Muchas personas ven un alto riesgo de contaminar los alimentos con sustancias nocivas, pero a menudo no son conscientes de los contaminantes individuales como tales, según una encuesta reciente realizada por el Instituto Federal de Evaluación de Riesgos (BfR).

"Casi el 60 por ciento de la población alemana ve las sustancias indeseables en los alimentos como un riesgo para la salud alto o muy alto", informa el BfR de los resultados de la encuesta. Los compuestos de mercurio y las dioxinas son las más conocidas de estas sustancias indeseables, que se conocen científicamente como contaminantes, continúa el Instituto Federal. Por el contrario, la mayoría de los encuestados no estaban al tanto de contaminantes naturales como el arsénico en el arroz o los alcaloides de pirrolizidina (PA) en la miel o el té. Los resultados del estudio fueron publicados en el "Bundesgesundheitsblatt".

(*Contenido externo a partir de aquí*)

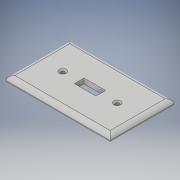
# Autodesk Inventor part: Plate
Saved by Autodesk Inventor 2019 (Build 230136000, 136)
## iProperties
Created: 2019-02-03
Part Number: Plate
Material: Generic
Document SubType Name: Modeling
Designer: Jared
Density: 1 g/cm^3
Appearance: Default
Author: Jared
Autodesk Inventor part; units mm, degrees
ref_plane "YZ Plane" through (0, 0, 0) normal (1, 0, 0) x (0, 1, 0)
ref_plane "XZ Plane" through (0, 0, 0) normal (0, 1, 0) x (-1, 0, 0)
ref_plane "XY Plane" through (0, 0, 0) normal (0, 0, 1) x (1, 0, 0)
sketch "Sketch1" plane through (0, 0, 0) normal (0, 1, 0) x (-1, 0, 0)
  line L0 (-56.75, -34.75) -> (56.75, -34.75)
  line L1 (56.75, -34.75) -> (56.75, 34.75)
  line L2 (56.75, 34.75) -> (-56.75, 34.75)
  line L3 (-56.75, 34.75) -> (-56.75, -34.75)
  line L4 (-56.75, -34.75) -> (56.75, 34.75) construction
  line L5 (56.75, -34.75) -> (-56.75, 34.75) construction
  point P0 (0, 0)
  dimension "d0" = 113.5
  dimension "d1" = 69.5
  constraints: 12 end point, 2 midpoint, 2 parallel, 1 horizontal, 1 perpendicular
  measures "d0" distance of L2.end L1.end
  measures "d1" distance of L1.end L0.end
extrude "Extrusion1" add sketch "Sketch1" along normal blind 5.5
sketch "Sketch2" plane through (0, 5.5, 0) normal (0, 1, 0) x (1, 0, 0)
  line L0 (56.75, 34.75) -> (-56.75, 34.75) projected
  line L1 (-56.75, 34.75) -> (-56.75, -34.75) projected
  line L2 (-56.75, -34.75) -> (56.75, -34.75) projected
  line L3 (56.75, -34.75) -> (56.75, 34.75) projected
  line L4 (11.75, -5.25) -> (-11.75, -5.25)
  line L5 (-11.75, -5.25) -> (-11.75, 5.25)
  line L6 (-11.75, 5.25) -> (11.75, 5.25)
  line L7 (11.75, 5.25) -> (11.75, -5.25)
  line L8 (11.75, -5.25) -> (-11.75, 5.25) construction
  line L9 (-11.75, -5.25) -> (11.75, 5.25) construction
  point P0 (0, 0)
  dimension "d4" = 45
  dimension "d5" = 29.5
  constraints: 12 end point, 2 midpoint, 2 parallel, 1 horizontal, 1 perpendicular
  measures "d4" distance between parallel lines of L3 L7
  measures "d5" distance between parallel lines of L0 L6
extrude "Extrusion2" cut sketch "Sketch2" against normal up to next contours L4 L5 L6 L7
sketch "Sketch3" plane through (0, 5.5, 0) normal (0, 1, 0) x (1, 0, 0)
  line L0 (11.75, 5.25) -> (11.75, -5.25) projected
  line L1 (11.75, 0) -> (29.75, 0)
  line L2 (-11.75, 5.25) -> (-11.75, -5.25) projected
  line L3 (-11.75, 0) -> (-29.75, 0)
  point P0 (0, 0)
  dimension "d8" = 18
  constraints: 4 end point, 2 coincident, 2 horizontal, 2 midpoint, 1 collinear
  measures "d8" distance of L1.start L1.end
hole "Hole1" at (-29.75, 5.5, 0) at (29.75, 5.5, 0) direction (0, -1, 0) diameter 4.5 depth 10 tip angle 118 countersink diameter 7.5 countersink angle 90
fillet "Fillet1" radius 4.75 4 edges at (-56.75, 5.5, 0) (56.75, 5.5, 0) (0, 5.5, 34.75) (0, 5.5, -34.75)
body "Solid1"
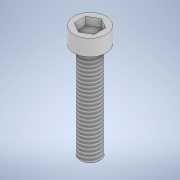
# Autodesk Inventor part: screwM2-5
Saved by Autodesk Inventor 2021 (Build 250183000, 183)
## iProperties
Created: 2021-03-27
Part Number: screwM2-5
Material: Generic
Document SubType Name: Modeling
Designer: lobato
Density: 1 g/cm^3
Appearance: Default
Author: lobato
Autodesk Inventor part; units mm, degrees
ref_plane "YZ Plane" through (0, 0, 0) normal (1, 0, 0) x (0, 1, 0)
ref_plane "XZ Plane" through (0, 0, 0) normal (0, 1, 0) x (-1, 0, 0)
ref_plane "XY Plane" through (0, 0, 0) normal (0, 0, 1) x (1, 0, 0)
sketch "Sketch1" plane through (0, 0, 0) normal (0, 1, 0) x (-1, 0, 0)
  circle A0 centre (0, 0) radius 2
  dimension "d0" = 4
  constraints: 1 centre point, 1 coincident
  measures "d0" diameter of A0
extrude "Extrusion1" add sketch "Sketch1" along normal blind 2
sketch "Sketch2" plane through (0, 0, 0) normal (0, -1, 0) x (1, 0, 0)
  circle A0 centre (0, 0) radius 1.25
  dimension "d3" = 2.5
  constraints: 1 centre point, 1 coincident
  measures "d3" diameter of A0
extrude "Extrusion2" add sketch "Sketch2" along normal blind 12
thread "Thread1" size "M2.5x0.45" class "6g" standard "ANSI Metric M Profile" full length
sketch "Sketch3" plane through (0, 2, 0) normal (0, 1, 0) x (1, 0, 0)
  circle A0 centre (0, 0) radius 1.25 projected
  line L0 (0.0005, 1.4434) -> (1.2502, 0.7213)
  line L1 (1.2502, 0.7213) -> (1.2498, -0.7221)
  line L2 (1.2498, -0.7221) -> (-0.0005, -1.4434)
  line L3 (-0.0005, -1.4434) -> (-1.2502, -0.7213)
  line L4 (-1.2502, -0.7213) -> (-1.2498, 0.7221)
  line L5 (-1.2498, 0.7221) -> (0.0005, 1.4434)
  point P0 (-0.6247, 1.0827)
  constraints: 12 end point, 1 coincident, 1 midpoint, 15 other
extrude "Extrusion3" cut sketch "Sketch3" against normal blind 1
body "Solid1"

¿Qué son los contaminantes en los alimentos?
BfR explica que los contaminantes son sustancias indeseables que entran en los alimentos sin querer. Estos pueden ocurrir naturalmente en el medio ambiente, surgir del procesamiento de materias primas en alimentos o son liberados al medio ambiente a través de actividades humanas y así ingresar a la cadena alimentaria, informa el Instituto Federal. Los contaminantes no son deseables porque potencialmente pueden afectar la salud.

Evaluación de riesgos de salud solicitada
Según la BfR, se entrevistó a un total de 1.001 personas en la encuesta representativa de población mediante entrevistas telefónicas asistidas por computadora sobre el tema de los contaminantes en los alimentos. Quedó claro que la mayoría de los encuestados clasifica los contaminantes como un alto riesgo para la salud, "aunque solo una minoría enumera espontáneamente los contaminantes en el sentido de la definición científico-legal como ejemplos de sustancias indeseables en los alimentos".

Muchos encuestados mencionan sustancias que no son contaminantes
Los expertos de BfR informan que más de la mitad de los encuestados se refirió a los contaminantes como sustancias que no se consideran espontáneas. Un buen 30 por ciento de los encuestados mencionó los aditivos alimentarios como ejemplos de sustancias indeseables en los alimentos, siendo los potenciadores del sabor (12.4%) y conservantes y colorantes (9% y 8.8%) los más mencionados.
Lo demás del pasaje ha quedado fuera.